The rationale for using the block matching error is to penalize
unreliable motion vectors even though they may result in a large
overlap. In particular, the selected motion vector is one for which
the ratio, E.sub.m, of the block matching error to the overlap is
the smallest among the three candidates. In block 810, the
determination is made as to whether all three ratios are smaller
than a predetermined threshold, A.sub.1. Upon determining all three
ratios are smaller than a predetermined threshold, block 812
selects the candidate with the largest overlap, the zero motion
vector. In one embodiment A.sub.1 is equal to 1.0. Upon determining
all three ratios are not smaller than the predetermined threshold
A.sub.1, in block 814 the vector with the smallest E.sub.m ratio is
selected.
[0042] Moreover, in block 816, even if the ratios result in either
the forward or the backward motion vector being selected and the
overlap for the chosen motion vector is less than a pre-defined
threshold, O, the zero motion vector is again chosen. In one
embodiment, O ranges from 50-60% of the block size used in the
motion estimation. Additionally in block 818, if in block 816 the
zero motion vector is substituted for either the forward or
backward motion vector, the failure detector process is notified.
Failure detection will be more fully explained below. In another
embodiment, the backward motion vector estimation is eliminated,
thereby only using the zero motion vector and the forward motion
vector estimation in the block motion estimation. In block 818, if
the E.sub.m ratio selected is greater than the predefined
threshold, O, the associated motion vector is accepted as the best
motion vector.
[0043] In another embodiment in the synthesizing of the
interpolated frame in block 306 of FIG. 3, for those pixels that
are classified as being either covered or uncovered, a zero motion
vector is used instead of the actual motion vector associated with
that particular interpolation block. This provides for a reduction
of artifacts along the edges of moving objects because the covered
and uncovered regions, by definition, are local scene changes and
therefore cannot be compensated using block matching techniques.
Moreover, a low pass filter (e.g., a 2-D 1-2-1 filter) can be used
along the edges of covered regions to smooth the edges'
artifacts.
[0044] The ability to detect interpolated frames with significant
artifacts provides for an overall better perception of video
quality. Without this ability, only a few badly interpolated frames
color the user's perception of video quality for an entire sequence
that for the most part has been successfully interpolated.

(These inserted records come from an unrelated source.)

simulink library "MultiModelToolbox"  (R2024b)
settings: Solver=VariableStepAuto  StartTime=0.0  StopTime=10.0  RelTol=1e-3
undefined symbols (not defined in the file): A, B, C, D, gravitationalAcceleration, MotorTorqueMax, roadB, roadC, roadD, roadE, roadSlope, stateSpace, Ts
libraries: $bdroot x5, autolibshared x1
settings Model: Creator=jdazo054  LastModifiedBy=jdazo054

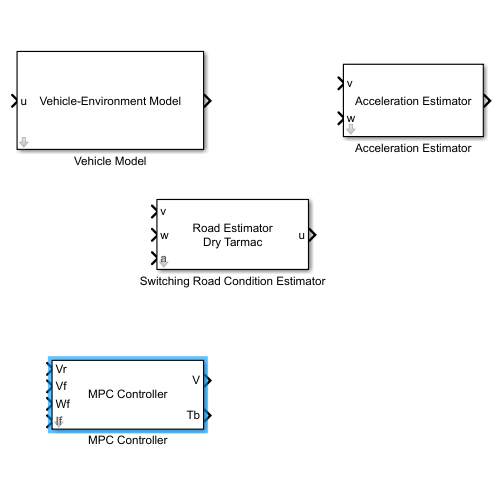
[thumbnail: Simulink's stored preview of the top-level diagram]
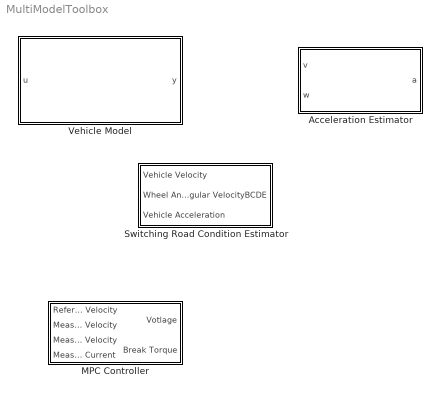
== system MultiModelToolbox ==
  Acceleration Estimator : Subsystem  mask{RoadCondition=Dry Tarmac, vehicleMass=1500, wheelInertia=0.8, wheelRadius=0.3, motorInertia=1, motorTorqueConstant=5, Clambda=0}
      mask prompts: RoadCondition "Road Condition"; vehicleMass "Vehicle Mass"; wheelInertia "Wheel Inertia"; wheelRadius "Wheel Radius"; motorInertia "Axle Inertia"; motorTorqueConstant "Torque Constant"
      mask TypeOptions RoadCondition: Dry Tarmac | Wet Tarmac | Snow | Ice
      mask DialogControl DescGroupVar Prompt: Acceleration Estimator
      mask DialogControl DescTextVar Prompt: This subsystem estimates vehicle acceleration using a linearized Pacejka tire model and Newton’s second law. Tire force is computed based on the selected road condition, which determines the Pacejka coefficients. The estimated force is divided by the user-defined vehicle mass to calculate acceleration. Road friction effects are implicitly modeled through the road type parameter.
      mask DialogControl RoadCondition Tooltip: Road surface type (affects traction and friction). Selects the corresponding coefficients (B, C, D, E) for the Pacejka Magic Formula used to compute linearized tire stiffness (Clambda). Options: Dry Tarmac, Wet Tarmac, Snow, Ice.
      mask DialogControl Container3 Prompt: Vehicle Parameters
      mask DialogControl vehicleMass Tooltip: Mass of the vehicle in kilograms (kg).
      mask DialogControl wheelInertia Tooltip: Moment of inertia of the wheel in kg·m².
      mask DialogControl wheelRadius Tooltip: Radius of the wheel in meters (m).
      mask DialogControl Container4 Prompt: Motor Parameters
      mask DialogControl motorInertia Tooltip: Moment of inertia of the motor rotor in kg·m².
      mask DialogControl motorTorqueConstant Tooltip: Motor torque constant in newton-meters per ampere (Nm/A).
      mask DialogControl Container5 Prompt: Invisible Parameters
      mask Display:
      | disp('Acceleration Estimator');
      | port_label('input', 1, 'v');
      | port_label('input', 2, 'w');
  MPC Controller : Subsystem  mask{Parameter1=0, stateSpace=stateSpace}
      mask prompts: Parameter1 "Prediction Horizon"
      mask DialogControl DescGroupVar Prompt: EV Model Predictive Controller
      mask DialogControl DescTextVar Prompt: This block implements a discrete-time linear Model Predictive Control (MPC) for set-point tracking of a 3-state, 1-input system.
      mask Display:
      | disp('MPC Controller');
      | port_label('input', 1, 'Vr');
      | port_label('input', 2, 'Vf');
      | port_label('input', 3, 'Wf');
      | port_label('input', 4, 'If');
      | port_label('output', 1, 'V');
      | port_label('output', 2, 'Tb');
  Switching Road Condition Estimator : Subsystem  mask{currentRoadIdx=1}
      mask Display:
      | % Display title
      | disp('Road Estimator\n');
      | 
      | currentRoadIdx = get_param(gcb, "currentRoadIdx");
      | 
      | % Display road label (use variable stored in mask or workspace)
      | switch currentRoadIdx
      |     case '1'
      |         disp('\nDry Tarmac');
      |     case '2'
      |         disp('\nWet Tarmac');
      |     case '3'
      |         disp('\nSnow');
      |     case '4'
      |         disp('\nIce');
      |     otherwise
      |         disp("\nUnknown");
      | end
      | port_label('input', 1, 'v');
      | port_label('input', 2, 'w');
      | port_label('input', 3, 'a');
      | port_label('output', 1, 'u');
  Vehicle Model : Subsystem  mask{RoadCondition=Dry Tarmac, vehicleMass=1500, wheelInertia=0.8, wheelRadius=0.3, motorInertia=1, motorResistance=0.1, motorTorqueConstant=5, motorInductance=0.005, motorBackEMFConstant=0.004, A_matrix=0, B_matrix=0, C_matrix=0, D_matrix=0}
      mask prompts: RoadCondition "Road Condition"; vehicleMass "Vehicle Mass"; wheelInertia "Wheel Inertia"; wheelRadius "Wheel Radius"; motorInertia "Axle Inertia"; motorResistance "Armature Resistance"; motorTorqueConstant "Torque Constant"; motorInductance "Armature Inductance"; motorBackEMFConstant "Armature EMF Constant"
      mask TypeOptions RoadCondition: Dry Tarmac | Wet Tarmac | Snow | Ice
      mask DialogControl DescGroupVar Prompt: Vehicle-Environment Model
      mask DialogControl DescTextVar Prompt: MATLAB/SIMULINK Model of a Vehicle. Designed for Longitudinal Road Friction Adaptive Control using Multi-Model Adaptive Estimators (MMAEs)
      mask DialogControl RoadCondition Tooltip: Road surface type (affects traction and friction). Selects the corresponding coefficients (B, C, D, E) for the Pacejka Magic Formula used to compute linearized tire stiffness (Clambda). Options: Dry Tarmac, Wet Tarmac, Snow, Ice.
      mask DialogControl Container3 Prompt: Vehicle Parameters
      mask DialogControl vehicleMass Tooltip: Mass of the vehicle in kilograms (kg).
      mask DialogControl wheelInertia Tooltip: Moment of inertia of the wheel in kg·m².
      mask DialogControl wheelRadius Tooltip: Radius of the wheel in meters (m).
      mask DialogControl Container4 Prompt: Motor Parameters
      mask DialogControl motorInertia Tooltip: Moment of inertia of the motor rotor in kg·m².
      mask DialogControl motorResistance Tooltip: Electrical resistance of the motor windings in ohms (Ω).
      mask DialogControl motorTorqueConstant Tooltip: Motor torque constant in newton-meters per ampere (Nm/A).
      mask DialogControl motorInductance Tooltip: Electrical inductance of the motor windings in henries (H).
      mask DialogControl motorBackEMFConstant Tooltip: Motor back EMF constant in volts per radian per second (V·s/rad).
      mask Display:
      | disp('Vehicle-Environment Model');
      | port_label('input', 1, 'u');

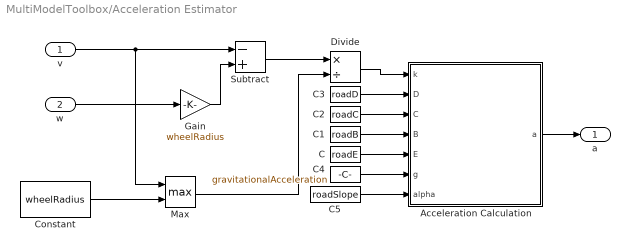
== system MultiModelToolbox/Acceleration Estimator ==
  v : Inport
  w : Inport  Port=2
  Acceleration Calculation : MATLAB Function  TreatAsAtomicUnit=on
  C : Constant  Value=roadE
  C1 : Constant  Value=roadB
  C2 : Constant  Value=roadC
  C3 : Constant  Value=roadD
  C4 : Constant  Value=gravitationalAcceleration
  C5 : Constant  Value=roadSlope
  Constant : Constant  Value=wheelRadius
  Divide : Product  Inputs=*/
  Gain : Gain  Gain=wheelRadius
  Max : MinMax  Function=max  Inputs=2
  Subtract : Sum  Inputs=-+
  a : Outport
  wires:
  Constant/1 -> Max/2
  v/1 -> Max/1, Subtract/1
  w/1 -> Gain/1
  Gain/1 -> Subtract/2
  Subtract/1 -> Divide/1
  Max/1 -> Divide/2
  Divide/1 -> Acceleration Calculation/1(k)
  C3/1 -> Acceleration Calculation/2(D)
  C2/1 -> Acceleration Calculation/3(C)
  C1/1 -> Acceleration Calculation/4(B)
  C/1 -> Acceleration Calculation/5(E)
  C4/1 -> Acceleration Calculation/6(g)
  C5/1 -> Acceleration Calculation/7(alpha)
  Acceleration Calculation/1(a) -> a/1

Detecting these badly interpolated frames and dropping them from
the sequence allows for significant frame-rate improvement without
a perceptible loss in spatial quality due to the presence of
artifacts. Interpolation failure is inevitable since
non-translational motion such as rotation and object deformation
can never be completely captured by block-based methods, thereby
requiring some type of failure prediction and detection to be an
integral part of frame interpolation.
[0045] In one embodiment seen in FIG. 9, failure prediction and
failure detection are incorporated into the interpolation process.
Failure prediction allows the interpolation process to abort early,
thereby avoiding some of the computationally expensive tasks such
as motion estimation for an interpolated frame that will be
subsequently judged to be unacceptable. In block 906, taking as
input frame(t) 904 (the current frame), frame(t-1) 902 (the
previous frame) and frame(t-2) 901 (the previous to previous
frame), the classification map is tessellated using the selected
block size. In block 908 for each block in frame(t) 904, the
relative portions of covered and uncovered pixels are computed.
Upon determining the sum of these proportions exceeds a
predetermined threshold, L, the block is marked as being suspect.
The rationale is that covered and uncovered regions cannot be
motion compensated well and usually result in artifacts around the
periphery of moving objects. After all the blocks in the
classification map have been processed, upon determining the number
of blocks for the current frame marked as suspect exceed a
predetermined threshold, in block 910 the previous frame is
repeated.
[0046] Prediction is usually only an early indicator of possible
failure and needs to be used in conjunction with failure detection.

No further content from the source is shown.